La situation pour les couples israélo-égyptiens est de plus en plus difficile en Egypte. Une frange politique se penche même sur un projet de loi interdisant le mariage entre Egyptiens et Israéliennes. L’amour s’arrêterait aux frontières géopolitiques.
Avec la montée des tensions au Proche-Orient, les couples mixtes égypto-israéliens vivent une situation de plus en plus difficile. Certaines campagnes de presse jettent, en effet, le doute sur ces unions en diffusant une rumeur selon laquelle l’Etat juif a recruté des espions dans ces couples mixtes. » Les mariages entre Egyptiens et Israéliennes dans la trahison et l’espionnage » titrait récemment le magazine d’opposition Osbou alors que l’hebdomadaire Akidati, de tendance islamiste, expliquait lui que » les Israéliennes qui se marient avec des Egyptiens sont des agents du Mossad « .
Impossible amour ?
Ces accusations et rumeurs rendent la vie des couples mixtes presque impossible. Mohsen Fawzi, 53 ans, a épousé Hoda Ahmed, une Arabe Israélienne, lorsqu’il travaillait en Israël en 1994. Lors d’un congé l’an dernier en Egypte, il a été frappé d’une interdiction judiciaire de se rendre à l’étranger. Depuis, l’interdiction a été levée par le tribunal administratif mais les services de sécurité l’empêchent de sortir d’Egypte. Sa femme et ses enfants ne sont pas autorisés à séjourner en Egypte plus de trois mois. L’exemple n’est pas unique. Il a même tendance à devenir banal dans une Egypte de plus en plus marquée par la situation politique.
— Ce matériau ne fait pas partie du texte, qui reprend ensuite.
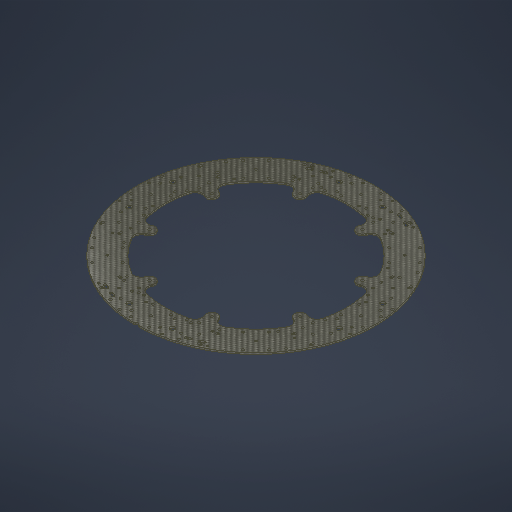
# Autodesk Inventor part: Body_Outer_Plate
Saved by Autodesk Inventor 2025 (Build 290162010, 162A)
## iProperties
Created: 2023-12-04
Part Number: Body_Outer_Plate
Material: CFRP
Document SubType Name: Modeling
Designer: dzw04
Density: 1.43 g/cm^3
Appearance: Carbon Fiber 1
Mass: 106.561 g
Surface Area: 824.877 cm^2
Volume: 74.5179 cm^3
Author: dzw04
Autodesk Inventor part; units mm, degrees
ref_plane "YZ Plane" through (0, 0, 0) normal (1, 0, 0) x (0, 1, 0)
ref_plane "XZ Plane" through (0, 0, 0) normal (0, 1, 0) x (-1, 0, 0)
ref_plane "XY Plane" through (0, 0, 0) normal (0, 0, 1) x (1, 0, 0)
sketch "Sketch1" plane through (0, 0, 0) normal (0, 1, 0) x (-1, 0, 0)
  arc A0 (286.4193, 194.7045) -> (272.8789, 201.567) centre (276.7057, 192.3282) ccw
  arc A1 (201.1228, 271.8066) -> (214.981, 266.0663) centre (208.0519, 268.9364) ccw
  line L0 (215.4252, 267.1386) -> (214.981, 266.0663)
  arc A2 (229.8521, 271.8607) -> (215.4252, 267.1386) centre (224.664, 263.3118) ccw
  circle A3 centre (39.4263, 92.5) radius 1.6
  circle A4 centre (61.0636, 208.0519) radius 1.6
  circle A5 centre (165, 310) radius 1.6
  arc A6 (271.8607, 229.8521) -> (229.8521, 271.8607) centre (165, 165) ccw
  circle A7 centre (267.5305, 62.4695) radius 1.6
  arc A8 (58.1393, 229.8521) -> (62.8614, 215.4252) centre (66.6882, 224.664) ccw
  arc A9 (267.1386, 215.4252) -> (271.8607, 229.8521) centre (263.3118, 224.664) ccw
  line L1 (266.0663, 214.981) -> (267.1386, 215.4252)
  circle A10 centre (290.5737, 92.5) radius 1.6
  arc A11 (266.0663, 214.981) -> (271.8066, 201.1228) centre (268.9364, 208.0519) ccw
  line L2 (272.8789, 201.567) -> (271.8066, 201.1228)
  circle A12 centre (109.5109, 298.9625) radius 1.6
  line L3 (201.567, 57.1211) -> (201.1228, 58.1934)
  circle A13 centre (121.9481, 268.9364) radius 1.6
  arc A14 (286.4193, 135.2955) -> (286.4193, 194.7045) centre (165, 165) ccw
  arc A15 (272.8789, 128.433) -> (286.4193, 135.2955) centre (276.7057, 137.6718) ccw
  circle A16 centre (31.0375, 109.5109) radius 1.6
  line L4 (271.8066, 128.8772) -> (272.8789, 128.433)
  arc A17 (271.8066, 128.8772) -> (266.0663, 115.019) centre (268.9364, 121.9481) ccw
  circle A18 centre (109.5109, 31.0375) radius 1.6
  circle A19 centre (62.4695, 267.5305) radius 1.6
  line L5 (267.1386, 114.5748) -> (266.0663, 115.019)
  arc A20 (271.8607, 100.1479) -> (267.1386, 114.5748) centre (263.3118, 105.336) ccw
  arc A21 (229.8521, 58.1393) -> (271.8607, 100.1479) centre (165, 165) ccw
  circle A22 centre (268.9364, 208.0519) radius 1.6
  arc A23 (215.4252, 62.8614) -> (229.8521, 58.1393) centre (224.664, 66.6882) ccw
  line L6 (214.981, 63.9337) -> (215.4252, 62.8614)
  arc A24 (214.981, 63.9337) -> (201.1228, 58.1934) centre (208.0519, 61.0636) ccw
  line L7 (62.8614, 215.4252) -> (63.9337, 214.981)
  arc A25 (194.7045, 43.5807) -> (201.567, 57.1211) centre (192.3282, 53.2943) ccw
  arc A26 (135.2955, 43.5807) -> (194.7045, 43.5807) centre (165, 165) ccw
  arc A27 (128.433, 57.1211) -> (135.2955, 43.5807) centre (137.6718, 53.2943) ccw
  line L8 (128.8772, 58.1934) -> (128.433, 57.1211)
  circle A28 centre (39.4263, 237.5) radius 1.6
  circle A29 centre (31.0375, 220.4891) radius 1.6
  arc A30 (58.1934, 201.1228) -> (63.9337, 214.981) centre (61.0636, 208.0519) ccw
  arc A31 (128.8772, 58.1934) -> (115.019, 63.9337) centre (121.9481, 61.0636) ccw
  circle A32 centre (62.4695, 62.4695) radius 1.6
  line L9 (114.5748, 62.8614) -> (115.019, 63.9337)
  circle A33 centre (20, 165) radius 1.6
  arc A34 (100.1479, 58.1393) -> (114.5748, 62.8614) centre (105.336, 66.6882) ccw
  circle A35 centre (267.5305, 267.5305) radius 1.6
  line L10 (58.1934, 201.1228) -> (57.1211, 201.567)
  arc A36 (57.1211, 201.567) -> (43.5807, 194.7045) centre (53.2943, 192.3282) ccw
  circle A37 centre (61.0636, 121.9481) radius 1.6
  circle A38 centre (298.9625, 220.4891) radius 1.6
  arc A39 (43.5807, 194.7045) -> (43.5807, 135.2955) centre (165, 165) ccw
  arc A40 (43.5807, 135.2955) -> (57.1211, 128.433) centre (53.2943, 137.6718) ccw
  line L11 (57.1211, 128.433) -> (58.1934, 128.8772)
  arc A41 (63.9337, 115.019) -> (58.1934, 128.8772) centre (61.0636, 121.9481) ccw
  circle A42 centre (208.0519, 61.0636) radius 1.6
  circle A43 centre (298.9625, 109.5109) radius 1.6
  circle A44 centre (220.4891, 31.0375) radius 1.6
  line L12 (63.9337, 115.019) -> (62.8614, 114.5748)
  circle A45 centre (165, 20) radius 1.6
  arc A46 (62.8614, 114.5748) -> (58.1393, 100.1479) centre (66.6882, 105.336) ccw
  circle A47 centre (208.0519, 268.9364) radius 1.6
  arc A48 (58.1393, 100.1479) -> (100.1479, 58.1393) centre (165, 165) ccw
  circle A49 centre (268.9364, 121.9481) radius 1.6
  circle A50 centre (310, 165) radius 1.6
  arc A51 (162.8516, 328.7216) -> (167.1484, 328.7216) centre (165, 330) ccw
  arc A52 (162.8516, 328.7216) -> (160.6371, 329.9423) centre (160.7032, 327.4432) ccw
  arc A53 (169.3629, 329.9423) -> (167.1484, 328.7216) centre (169.2968, 327.4432) ccw
  line L13 (115.019, 266.0663) -> (114.5748, 267.1386)
  circle A54 centre (290.5737, 237.5) radius 1.6
  circle A55 centre (220.4891, 298.9625) radius 1.6
  circle A56 centre (121.9481, 61.0636) radius 1.6
  arc A57 (160.6371, 329.9423) -> (169.3629, 329.9423) centre (165, 165) ccw
  circle A58 centre (135.5551, 323.917) radius 1.6
  circle A59 centre (135.5551, 289.917) radius 1.6
  circle A60 centre (194.4449, 289.917) radius 1.6
  circle A61 centre (194.4449, 323.917) radius 1.6
  circle A62 centre (6.083, 135.5551) radius 1.6
  circle A63 centre (40.083, 135.5551) radius 1.6
  circle A64 centre (40.083, 194.4449) radius 1.6
  circle A65 centre (6.083, 194.4449) radius 1.6
  circle A66 centre (194.4449, 6.083) radius 1.6
  circle A67 centre (194.4449, 40.083) radius 1.6
  circle A68 centre (135.5551, 40.083) radius 1.6
  circle A69 centre (135.5551, 6.083) radius 1.6
  circle A70 centre (323.917, 194.4449) radius 1.6
  circle A71 centre (289.917, 194.4449) radius 1.6
  circle A72 centre (289.917, 135.5551) radius 1.6
  circle A73 centre (323.917, 135.5551) radius 1.6
  arc A74 (201.567, 272.8789) -> (194.7045, 286.4193) centre (192.3282, 276.7057) ccw
  line L14 (201.1228, 271.8066) -> (201.567, 272.8789)
  arc A75 (194.7045, 286.4193) -> (135.2955, 286.4193) centre (165, 165) ccw
  arc A76 (135.2955, 286.4193) -> (128.433, 272.8789) centre (137.6718, 276.7057) ccw
  line L15 (128.433, 272.8789) -> (128.8772, 271.8066)
  arc A77 (115.019, 266.0663) -> (128.8772, 271.8066) centre (121.9481, 268.9364) ccw
  arc A78 (114.5748, 267.1386) -> (100.1479, 271.8607) centre (105.336, 263.3118) ccw
  arc A79 (100.1479, 271.8607) -> (58.1393, 229.8521) centre (165, 165) ccw
  circle A80 centre (212.3712, 318.561) radius 1.6
  circle A81 centre (200.8907, 39.1554) radius 1.6
  circle A82 centre (117.6288, 318.561) radius 1.6
  circle A83 centre (89.9125, 307.0805) radius 1.6
  circle A84 centre (101.393, 279.3641) radius 1.6
  circle A85 centre (200.8907, 290.8446) radius 1.6
  circle A86 centre (104.0989, 285.8969) radius 1.6
  circle A87 centre (129.1093, 290.8446) radius 1.6
  circle A88 centre (240.0875, 307.0805) radius 1.6
  circle A89 centre (228.607, 279.3641) radius 1.6
  circle A90 centre (225.9011, 285.8969) radius 1.6
  circle A91 centre (207.4235, 293.5506) radius 1.6
  circle A92 centre (117.6288, 11.439) radius 1.6
  circle A93 centre (89.9125, 22.9195) radius 1.6
  circle A94 centre (101.393, 50.6359) radius 1.6
  circle A95 centre (104.0989, 44.1031) radius 1.6
  circle A96 centre (122.5765, 36.4494) radius 1.6
  circle A97 centre (129.1093, 39.1554) radius 1.6
  circle A98 centre (212.3712, 11.439) radius 1.6
  circle A99 centre (240.0875, 22.9195) radius 1.6
  circle A100 centre (228.607, 50.6359) radius 1.6
  circle A101 centre (225.9011, 44.1031) radius 1.6
  circle A102 centre (207.4235, 36.4494) radius 1.6
  line L16 (17.2755, 136.1225) -> (17.2755, 133.8775)
  line L17 (17.2755, 196.1225) -> (17.2755, 193.8775)
  arc A103 (18.3955, 192.0815) -> (18.3955, 197.9185) centre (19.8255, 195) ccw
  arc A104 (132.0815, 311.6045) -> (137.9185, 311.6045) centre (135, 310.1745) ccw
  arc A105 (192.0815, 311.6045) -> (197.9185, 311.6045) centre (195, 310.1745) ccw
  line L18 (196.1225, 312.7245) -> (193.8775, 312.7245)
  arc A106 (311.6045, 197.9185) -> (311.6045, 192.0815) centre (310.1745, 195) ccw
  line L19 (312.7245, 193.8775) -> (312.7245, 196.1225)
  arc A107 (311.6045, 137.9185) -> (311.6045, 132.0815) centre (310.1745, 135) ccw
  line L20 (312.7245, 133.8775) -> (312.7245, 136.1225)
  arc A108 (197.9185, 18.3955) -> (192.0815, 18.3955) centre (195, 19.8255) ccw
  line L21 (193.8775, 17.2755) -> (196.1225, 17.2755)
  line L22 (133.8775, 17.2755) -> (136.1225, 17.2755)
  arc A109 (137.9185, 18.3955) -> (132.0815, 18.3955) centre (135, 19.8255) ccw
  line L23 (136.1225, 312.7245) -> (133.8775, 312.7245)
  arc A110 (18.3955, 132.0815) -> (18.3955, 137.9185) centre (19.8255, 135) ccw
  circle A111 centre (32.6859, 255.8253) radius 1.6
  circle A112 centre (152.5, 295) radius 1.6
  circle A113 centre (64.2373, 81.915) radius 1.6
  circle A114 centre (60.7017, 286.9759) radius 1.6
  circle A115 centre (43.0241, 269.2983) radius 1.6
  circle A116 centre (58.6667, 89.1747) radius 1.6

» Il est déplorable que les jeunes Egyptiens n’osent pas révéler leur mariage avec des Israéliennes pour éviter la persécution politique et sociale. D’autant plus que c’est l’Etat lui-même qui a commencé la normalisation. Aucune implication d’espionnage n’a jamais eu lieu parmi ces couples « , indique Saïd Sadek, un sociologue égyptien qui a récemment réalisé une étude autour de ce sujet.
La vie de ces couples n’a rien d’un long fleuve tranquille. D’autant plus que la presse relaie sans cesse les rumeurs d’espionnage. Elle a d’ailleurs parlé de 11 000 mariages entre Egyptiens et Israéliens. Ce que réfute totalement Saïd Sadek, : » les mariages mixtes représentent tout au plus 3 000 couples » dit-il. Il s’agit principalement d’hommes qui ont fui le chômage en Egypte et sont partis en Israël après la signature du traité de paix en 1979. » Certains ont épousé des Israéliennes, mais seuls une quinzaine d’entre eux ont épousé des Israéliennes juives. La plupart ont épousé des Arabes musulmanes ou des chrétiennes de nationalité israélienne « , ajoute Saïd Sadek dans Al Ahram. Mais il semblerait que cela ne soit pas pris en compte.
Des cas parlementaires
Cela pose un tel problème qu’il y a quelques semaines, les mariages mixtes entre Egyptiens et Israéliennes se sont trouvés au centre d’un débat parlementaire houleux. Tout est parti d’une interdiction qu’a formulée Habib el Adeli, le ministre de l’intérieur égyptien. Il a refusé l’entrée sur le sol égyptien d’une femme israélienne d’origine arabe mariée à un Egyptien. Mais la Haute Cour Administrative a annulé cette décision, estimant qu’elle était contraire à la Constitution. Or, cela n’a pas plu à certains députés de gauche et encore moins aux islamistes qui estiment qu’ » autoriser des citoyens israéliens à pénétrer sur le sol national peut nuire dans le contexte actuel de sécurité « .
Depuis, plusieurs députés de diverses tendances préparent un projet de loi pour limiter les mariages mixtes et interdire ceux entre Egyptiens et Israéliennes. » La permission de ce genre de mariages risque de donner naissance à un nouveau type de colonisation plus dangereuse que la colonisation militaire « , estime très sérieusement Al Badri Farghali, du parti du rassemblement unioniste progressiste. Gamal Hachmat, des Frères Musulmans, rappelle aussi que » la loi israélienne accorde aux enfants de l’Israélienne la nationalité et permet la judaïsation des enfants. D’où notre initiative de retirer la nationalité à tout Egyptien se mariant avec une Israélienne « .
Cependant comme le précise Saïd Sadeq, ces lois ont peu de chances d’être retenues. En effet, la religion musulmane tolère l’union d’un musulman avec une non-musulmane qu’elle soit chrétienne ou juive. De plus, la nationalité est un droit que le citoyen ne perd pas, qu’il soit criminel ou espion.